[Saved entries]

______________________________

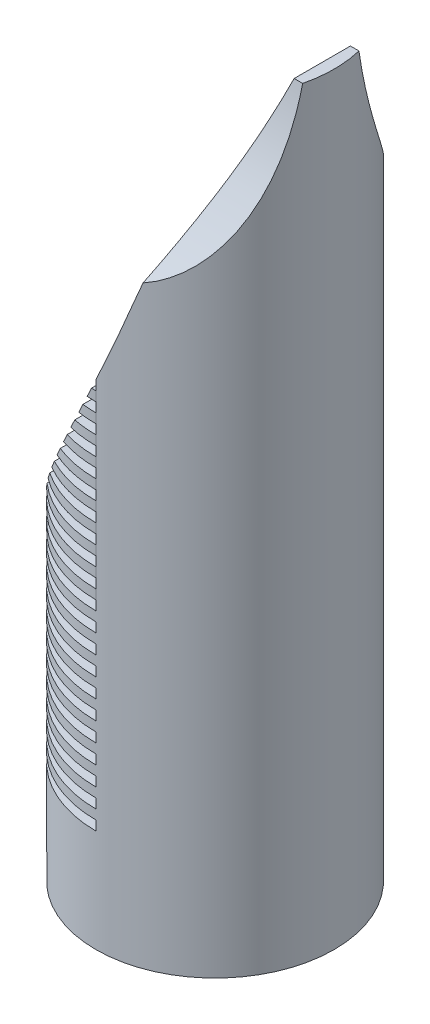
SolidWorks part; units mm, degrees
ref_plane "Front Plane" through (0, 0, 0) normal (0, 0, 1) x (1, 0, 0)
ref_plane "Top Plane" through (0, 0, 0) normal (0, 1, 0) x (1, 0, 0)
ref_plane "Right Plane" through (0, 0, 0) normal (1, 0, 0) x (0, 0, -1)
sketch "Sketch1" plane through (0, 0, 0) normal (0, 1, 0) x (1, 0, 0)
  circle A0 centre (0, 0) radius 2.5
  circle A1 centre (0, 0) radius 0.5
  dimension "D1" = 5
  dimension "D2" = 1
extrude "Boss-Extrude1" add sketch "Sketch1" along normal blind 2
sketch "Sketch2" plane through (0, 2, 0) normal (0, 1, 0) x (1, 0, 0)
  circle A0 centre (0, 0) radius 2.5
  dimension "D1" = 5
extrude "Boss-Extrude2" add sketch "Sketch2" along normal blind 14
sketch "Sketch3" plane through (0, 0, 0) normal (0, 0, 1) x (1, 0, 0)
  line L0 (0, 16) -> (0, 6) construction
  line L1 (2.5, 16) -> (-2.5, 16) construction
  line L2 (-2.5, 16) -> (-2.5, 0) construction
  line L3 (1.5, 16) -> (-2.5, 16)
  line L4 (-2.5, 16) -> (-2.5, 6)
  spline S0 degree 3 poles (1.5, 16) (1.3118, 12.2915) (-0.5237, 8.9999) (-2.5, 6) knots 0 0 0 0 1 1 1 1
  dimension "D1" = 10
extrude "Cut-Extrude1" cut sketch "Sketch3" against normal through all both and the other way through all
sketch "Sketch4" plane through (0, 2, 0) normal (0, -1, 0) x (1, 0, 0)
  circle A0 centre (0, 0) radius 0.5
extrude "Cut-Extrude2" cut sketch "Sketch4" against normal blind 7
sketch "Sketch5" plane through (0, 0, 0) normal (1, 0, 0) x (0, 0, -1)
  line L0 (0, 0) -> (0, 10.3563) construction
  line L1 (-2.5, 0) -> (2.5, 0) construction
  line L2 (3.1377, 10.1563) -> (0.25, 10.1563)
  line L3 (0.25, 0) -> (0.25, 10.3563)
  line L4 (-0.25, 0) -> (-0.25, 10.3563)
  line L5 (0.25, 10.3563) -> (3.1377, 10.3563)
  line L6 (3.1377, 9.3563) -> (0.25, 9.3563)
  line L7 (0.25, 0) -> (0.25, 16) construction
  line L8 (0, 0) -> (0, 16) construction
  line L9 (-0.25, 0) -> (-0.25, 16) construction
  line L10 (3.1377, 10.3563) -> (3.1377, 10.1563)
  line L11 (0.25, 9.5563) -> (3.1377, 9.5563)
  line L12 (3.1377, 9.5563) -> (3.1377, 9.3563)
  line L13 (3.1377, 9.7563) -> (0.25, 9.7563)
  line L14 (0.25, 9.9563) -> (3.1377, 9.9563)
  line L15 (3.1377, 9.9563) -> (3.1377, 9.7563)
  line L16 (3.1377, 6.1563) -> (0.25, 6.1563)
  line L17 (0.25, 6.3563) -> (3.1377, 6.3563)
  line L18 (3.1377, 6.3563) -> (3.1377, 6.1563)
  line L19 (3.1377, 6.9563) -> (0.25, 6.9563)
  line L20 (0.25, 7.1563) -> (3.1377, 7.1563)
  line L21 (3.1377, 7.1563) -> (3.1377, 6.9563)
  line L22 (3.1377, 7.3563) -> (0.25, 7.3563)
  line L23 (0.25, 7.5563) -> (3.1377, 7.5563)
  line L24 (3.1377, 7.5563) -> (3.1377, 7.3563)
  line L25 (3.1377, 7.7563) -> (0.25, 7.7563)
  line L26 (0.25, 7.9563) -> (3.1377, 7.9563)
  line L27 (3.1377, 7.9563) -> (3.1377, 7.7563)
  line L28 (3.1377, 8.5563) -> (0.25, 8.5563)
  line L29 (0.25, 8.7563) -> (3.1377, 8.7563)
  line L30 (3.1377, 8.7563) -> (3.1377, 8.5563)
  line L31 (3.1377, 8.9563) -> (0.25, 8.9563)
  line L32 (0.25, 9.1563) -> (3.1377, 9.1563)
  line L33 (3.1377, 9.1563) -> (3.1377, 8.9563)
  line L34 (3.1377, 8.1563) -> (0.25, 8.1563)
  line L35 (0.25, 8.3563) -> (3.1377, 8.3563)
  line L36 (3.1377, 8.3563) -> (3.1377, 8.1563)
  line L37 (3.1377, 2.9563) -> (0.25, 2.9563)
  line L38 (0.25, 3.1563) -> (3.1377, 3.1563)
  line L39 (3.1377, 3.1563) -> (3.1377, 2.9563)
  line L40 (3.1377, 6.5563) -> (0.25, 6.5563)
  line L41 (0.25, 6.7563) -> (3.1377, 6.7563)
  line L42 (3.1377, 6.7563) -> (3.1377, 6.5563)
  line L43 (3.1377, 3.3563) -> (0.25, 3.3563)
  line L44 (0.25, 3.5563) -> (3.1377, 3.5563)
  line L45 (3.1377, 3.5563) -> (3.1377, 3.3563)
  line L46 (3.1377, 4.9563) -> (0.25, 4.9563)
  line L47 (0.25, 5.1563) -> (3.1377, 5.1563)
  line L48 (3.1377, 5.1563) -> (3.1377, 4.9563)
  line L49 (3.1377, 4.5563) -> (0.25, 4.5563)
  line L50 (0.25, 4.7563) -> (3.1377, 4.7563)
  line L51 (3.1377, 4.7563) -> (3.1377, 4.5563)
  line L52 (3.1377, 3.7563) -> (0.25, 3.7563)
  line L53 (0.25, 3.9563) -> (3.1377, 3.9563)
  line L54 (3.1377, 3.9563) -> (3.1377, 3.7563)
  line L55 (3.1377, 4.1563) -> (0.25, 4.1563)
  line L56 (0.25, 4.3563) -> (3.1377, 4.3563)
  line L57 (3.1377, 4.3563) -> (3.1377, 4.1563)
  line L58 (3.1377, 5.3563) -> (0.25, 5.3563)
  line L59 (0.25, 5.5563) -> (3.1377, 5.5563)
  line L60 (3.1377, 5.5563) -> (3.1377, 5.3563)
  line L61 (-3.1377, 2.7563) -> (-3.1377, 2.5563)
  line L62 (-0.25, 2.7563) -> (-3.1377, 2.7563)
  line L63 (-3.1377, 2.5563) -> (-0.25, 2.5563)
  line L64 (-3.1377, 2.3563) -> (-3.1377, 2.1563)
  line L65 (-0.25, 2.3563) -> (-3.1377, 2.3563)
  line L66 (-3.1377, 2.1563) -> (-0.25, 2.1563)
  line L67 (3.1377, 5.7563) -> (0.25, 5.7563)
  line L68 (0.25, 5.9563) -> (3.1377, 5.9563)
  line L69 (3.1377, 5.9563) -> (3.1377, 5.7563)
  line L70 (-3.1377, 5.9563) -> (-3.1377, 5.7563)
  line L71 (-0.25, 5.9563) -> (-3.1377, 5.9563)
  line L72 (-3.1377, 5.7563) -> (-0.25, 5.7563)
  line L73 (3.1377, 2.1563) -> (0.25, 2.1563)
  line L74 (0.25, 2.3563) -> (3.1377, 2.3563)
  line L75 (3.1377, 2.3563) -> (3.1377, 2.1563)
  line L76 (3.1377, 2.5563) -> (0.25, 2.5563)
  line L77 (0.25, 2.7563) -> (3.1377, 2.7563)
  line L78 (3.1377, 2.7563) -> (3.1377, 2.5563)
  line L79 (-3.1377, 5.5563) -> (-3.1377, 5.3563)
  line L80 (-0.25, 5.5563) -> (-3.1377, 5.5563)
  line L81 (-3.1377, 5.3563) -> (-0.25, 5.3563)
  line L82 (-3.1377, 4.3563) -> (-3.1377, 4.1563)
  line L83 (-0.25, 4.3563) -> (-3.1377, 4.3563)
  line L84 (-3.1377, 4.1563) -> (-0.25, 4.1563)
  line L85 (-3.1377, 3.9563) -> (-3.1377, 3.7563)
  line L86 (-0.25, 3.9563) -> (-3.1377, 3.9563)
  line L87 (-3.1377, 3.7563) -> (-0.25, 3.7563)
  line L88 (-3.1377, 4.7563) -> (-3.1377, 4.5563)
  line L89 (-0.25, 4.7563) -> (-3.1377, 4.7563)
  line L90 (-3.1377, 4.5563) -> (-0.25, 4.5563)
  line L91 (-3.1377, 5.1563) -> (-3.1377, 4.9563)
  line L92 (-0.25, 5.1563) -> (-3.1377, 5.1563)
  line L93 (-3.1377, 4.9563) -> (-0.25, 4.9563)
  line L94 (-3.1377, 3.5563) -> (-3.1377, 3.3563)
  line L95 (-0.25, 3.5563) -> (-3.1377, 3.5563)
  line L96 (-3.1377, 3.3563) -> (-0.25, 3.3563)
  line L97 (-3.1377, 6.7563) -> (-3.1377, 6.5563)
  line L98 (-0.25, 6.7563) -> (-3.1377, 6.7563)
  line L99 (-3.1377, 6.5563) -> (-0.25, 6.5563)
  line L100 (-3.1377, 3.1563) -> (-3.1377, 2.9563)
  line L101 (-0.25, 3.1563) -> (-3.1377, 3.1563)
  line L102 (-3.1377, 2.9563) -> (-0.25, 2.9563)
  line L103 (-3.1377, 8.3563) -> (-3.1377, 8.1563)
  line L104 (-0.25, 8.3563) -> (-3.1377, 8.3563)
  line L105 (-3.1377, 8.1563) -> (-0.25, 8.1563)
  line L106 (-3.1377, 9.1563) -> (-3.1377, 8.9563)
  line L107 (-0.25, 9.1563) -> (-3.1377, 9.1563)
  line L108 (-3.1377, 8.9563) -> (-0.25, 8.9563)
  line L109 (-3.1377, 8.7563) -> (-3.1377, 8.5563)
  line L110 (-0.25, 8.7563) -> (-3.1377, 8.7563)
  line L111 (-3.1377, 8.5563) -> (-0.25, 8.5563)
  line L112 (-3.1377, 7.9563) -> (-3.1377, 7.7563)
  line L113 (-0.25, 7.9563) -> (-3.1377, 7.9563)
  line L114 (-3.1377, 7.7563) -> (-0.25, 7.7563)
  line L115 (-3.1377, 7.5563) -> (-3.1377, 7.3563)
  line L116 (-0.25, 7.5563) -> (-3.1377, 7.5563)
  line L117 (-3.1377, 7.3563) -> (-0.25, 7.3563)
  line L118 (-3.1377, 7.1563) -> (-3.1377, 6.9563)
  line L119 (-0.25, 7.1563) -> (-3.1377, 7.1563)
  line L120 (-3.1377, 6.9563) -> (-0.25, 6.9563)
  line L121 (-3.1377, 6.3563) -> (-3.1377, 6.1563)
  line L122 (-0.25, 6.3563) -> (-3.1377, 6.3563)
  line L123 (-3.1377, 6.1563) -> (-0.25, 6.1563)
  line L124 (-3.1377, 9.9563) -> (-3.1377, 9.7563)
  line L125 (-0.25, 9.9563) -> (-3.1377, 9.9563)
  line L126 (-3.1377, 9.7563) -> (-0.25, 9.7563)
  line L127 (-3.1377, 9.5563) -> (-3.1377, 9.3563)
  line L128 (-0.25, 9.5563) -> (-3.1377, 9.5563)
  line L129 (-3.1377, 10.3563) -> (-3.1377, 10.1563)
  line L130 (-3.1377, 9.3563) -> (-0.25, 9.3563)
  line L131 (-0.25, 10.3563) -> (-3.1377, 10.3563)
  line L132 (-3.1377, 10.1563) -> (-0.25, 10.1563)
  dimension "D3" = 0.2
  dimension "D4" = 0.2
  dimension "D5" = 0.2
  dimension "D6" = 0.2
  dimension "D1" = 0.2
  dimension "D7" = 0.2
  dimension "D8" = 0.2
  dimension "D9" = 0.2
  dimension "D10" = 0.2
  dimension "D11" = 0.2
  dimension "D12" = 0.2
  dimension "D13" = 0.2
  dimension "D14" = 0.2
  dimension "D15" = 0.2
  dimension "D16" = 0.2
  dimension "D17" = 0.2
  dimension "D18" = 0.2
  dimension "D19" = 0.2
  dimension "D20" = 0.2
  dimension "D21" = 0.2
  dimension "D22" = 0.2
  dimension "D23" = 0.2
  dimension "D24" = 0.2
  dimension "D25" = 0.2
  dimension "D26" = 0.2
  dimension "D27" = 0.2
  dimension "D28" = 0.2
  dimension "D29" = 0.2
  dimension "D32" = 0.2
  dimension "D33" = 0.2
  dimension "D34" = 0.2
  dimension "D35" = 0.2
  dimension "D36" = 0.2
  dimension "D37" = 0.2
  dimension "D38" = 0.2
  dimension "D39" = 0.2
  dimension "D40" = 0.2
  dimension "D42" = 0.2
  dimension "D43" = 0.2
  dimension "D45" = 0.2
  dimension "D46" = 0.2
extrude "Cut-Extrude3" cut sketch "Sketch5" against normal blind 7 contours L64 L66 L4 L65 | L61 L63 L4 L62 | L100 L102 L4 L101 | L94 L96 L4 L95 | L75 L74 L3 L73 | L78 L77 L3 L76 | L39 L38 L3 L37 | L45 L44 L3 L43 | L54 L53 L3 L52 | L57 L56 L3 L55 | L51 L50 L3 L49 | L85 L87 L4 L86 | L82 L84 L4 L83 | L88 L90 L4 L89 | L91 L93 L4 L92 | L48 L47 L3 L46 | L60 L59 L3 L58 | L69 L68 L3 L67 | L18 L17 L3 L16 | L42 L41 L3 L40 | L21 L20 L3 L19 | L24 L23 L3 L22 | L79 L81 L4 L80 | L70 L72 L4 L71 | L121 L123 L4 L122 | L97 L99 L4 L98 | L118 L120 L4 L119 | L115 L117 L4 L116 | L112 L114 L4 L113 | L103 L105 L4 L104 | L109 L111 L4 L110 | L106 L108 L4 L107 | L127 L130 L4 L128 | L124 L126 L4 L125 | L129 L132 L4 L131 | L27 L26 L3 L25 | L36 L35 L3 L34 | L30 L29 L3 L28 | L33 L32 L3 L31 | L12 L11 L3 L6 | L15 L14 L3 L13 | L10 L5 L3 L2 region at (0, 2.2563, -1.6939) region at (0, 2.6563, -1.6939) region at (0, 3.0563, -1.6939) region at (0, 3.4563, -1.6939) region at (0, 3.8563, -1.6939) region at (0, 4.2563, -1.6939) region at (0, 4.6563, -1.6939) region at (0, 5.0563, -1.6939) region at (0, 5.4563, -1.6939) region at (0, 5.8563, -1.6939) region at (0, 6.2563, -1.6939) region at (0, 6.6563, -1.6939) region at (0, 7.0563, -1.6939) region at (0, 7.4563, -1.6939) region at (0, 7.8563, -1.6939) region at (0, 8.2563, -1.6939) region at (0, 8.6563, -1.6939) region at (0, 9.0563, -1.6939) region at (0, 9.4563, -1.6939) region at (0, 9.8563, -1.6939) region at (0, 10.2563, -1.6939) region at (0, 2.2563, 1.6939) region at (0, 10.2563, 1.6939) region at (0, 9.8563, 1.6939) region at (0, 9.4563, 1.6939) region at (0, 9.0563, 1.6939) region at (0, 8.6563, 1.6939) region at (0, 8.2563, 1.6939) region at (0, 7.8563, 1.6939) region at (0, 7.4563, 1.6939) region at (0, 7.0563, 1.6939) region at (0, 6.6563, 1.6939) region at (0, 6.2563, 1.6939) region at (0, 5.8563, 1.6939) region at (0, 5.4563, 1.6939) region at (0, 5.0563, 1.6939) region at (0, 4.6563, 1.6939) region at (0, 4.2563, 1.6939) region at (0, 3.8563, 1.6939) region at (0, 3.4563, 1.6939) region at (0, 3.0563, 1.6939) region at (0, 2.6563, 1.6939)
sketch "Sketch6" plane through (0, 0, 0) normal (1, 0, 0) x (0, 0, -1)
  line L0 (2, 16) -> (-2, 16) construction
  line L1 (0, 16) -> (0, 10.9985) construction
  line L2 (-0.5905, 16) -> (-2.3585, 16)
  line L3 (-2.3585, 16) -> (-2.3585, 12.4584)
  line L4 (2.3585, 12.4584) -> (2.3585, 16.1645)
  line L5 (2.3585, 16.1645) -> (0.5905, 16)
  spline S0 degree 2 poles (-0.5905, 16) (-0.9594, 13.9651) (-2.3585, 12.4584) knots 0 0 0 1 1 1
  spline S1 degree 3 poles (-2, 16) (-2.0378, 15.0084) (-2.1646, 14.0498) (-2.3389, 12.6388) (-2.3943, 12.1711) (-2.4748, 11.2506) (-2.5, 10.7995) (-2.5, 10.3561) knots 0 0 0 0 0.5 0.5 0.75 0.75 1 1 1 1 construction
  spline S2 degree 2 poles (0.5905, 16) (0.9594, 13.9651) (2.3585, 12.4584) knots 0 0 0 1 1 1
extrude "Cut-Extrude4" cut sketch "Sketch6" along normal blind 10
sketch "Sketch7" plane through (0, 0, 0) normal (1, 0, 0) x (0, 0, -1)
  line L0 (0, 16) -> (0, 11.4523) construction
  line L1 (0.5905, 16) -> (-0.5905, 16) construction
chamfer "Chamfer1" distance 0.75 angle 68 1 edges at (1.5, 16, 0) first distance on face at (1.9823, 16, 0)
fillet "Fillet1" radius 50 1 edges at (0.8659, 12.5742, 0)

______________________________

§ **What is required**: What is needed is each line from the records with the word "circle" in it.

§ **Result of this task**:
  circle A0 centre (0, 0) radius 2.5
  circle A1 centre (0, 0) radius 0.5
  circle A0 centre (0, 0) radius 2.5
  circle A0 centre (0, 0) radius 0.5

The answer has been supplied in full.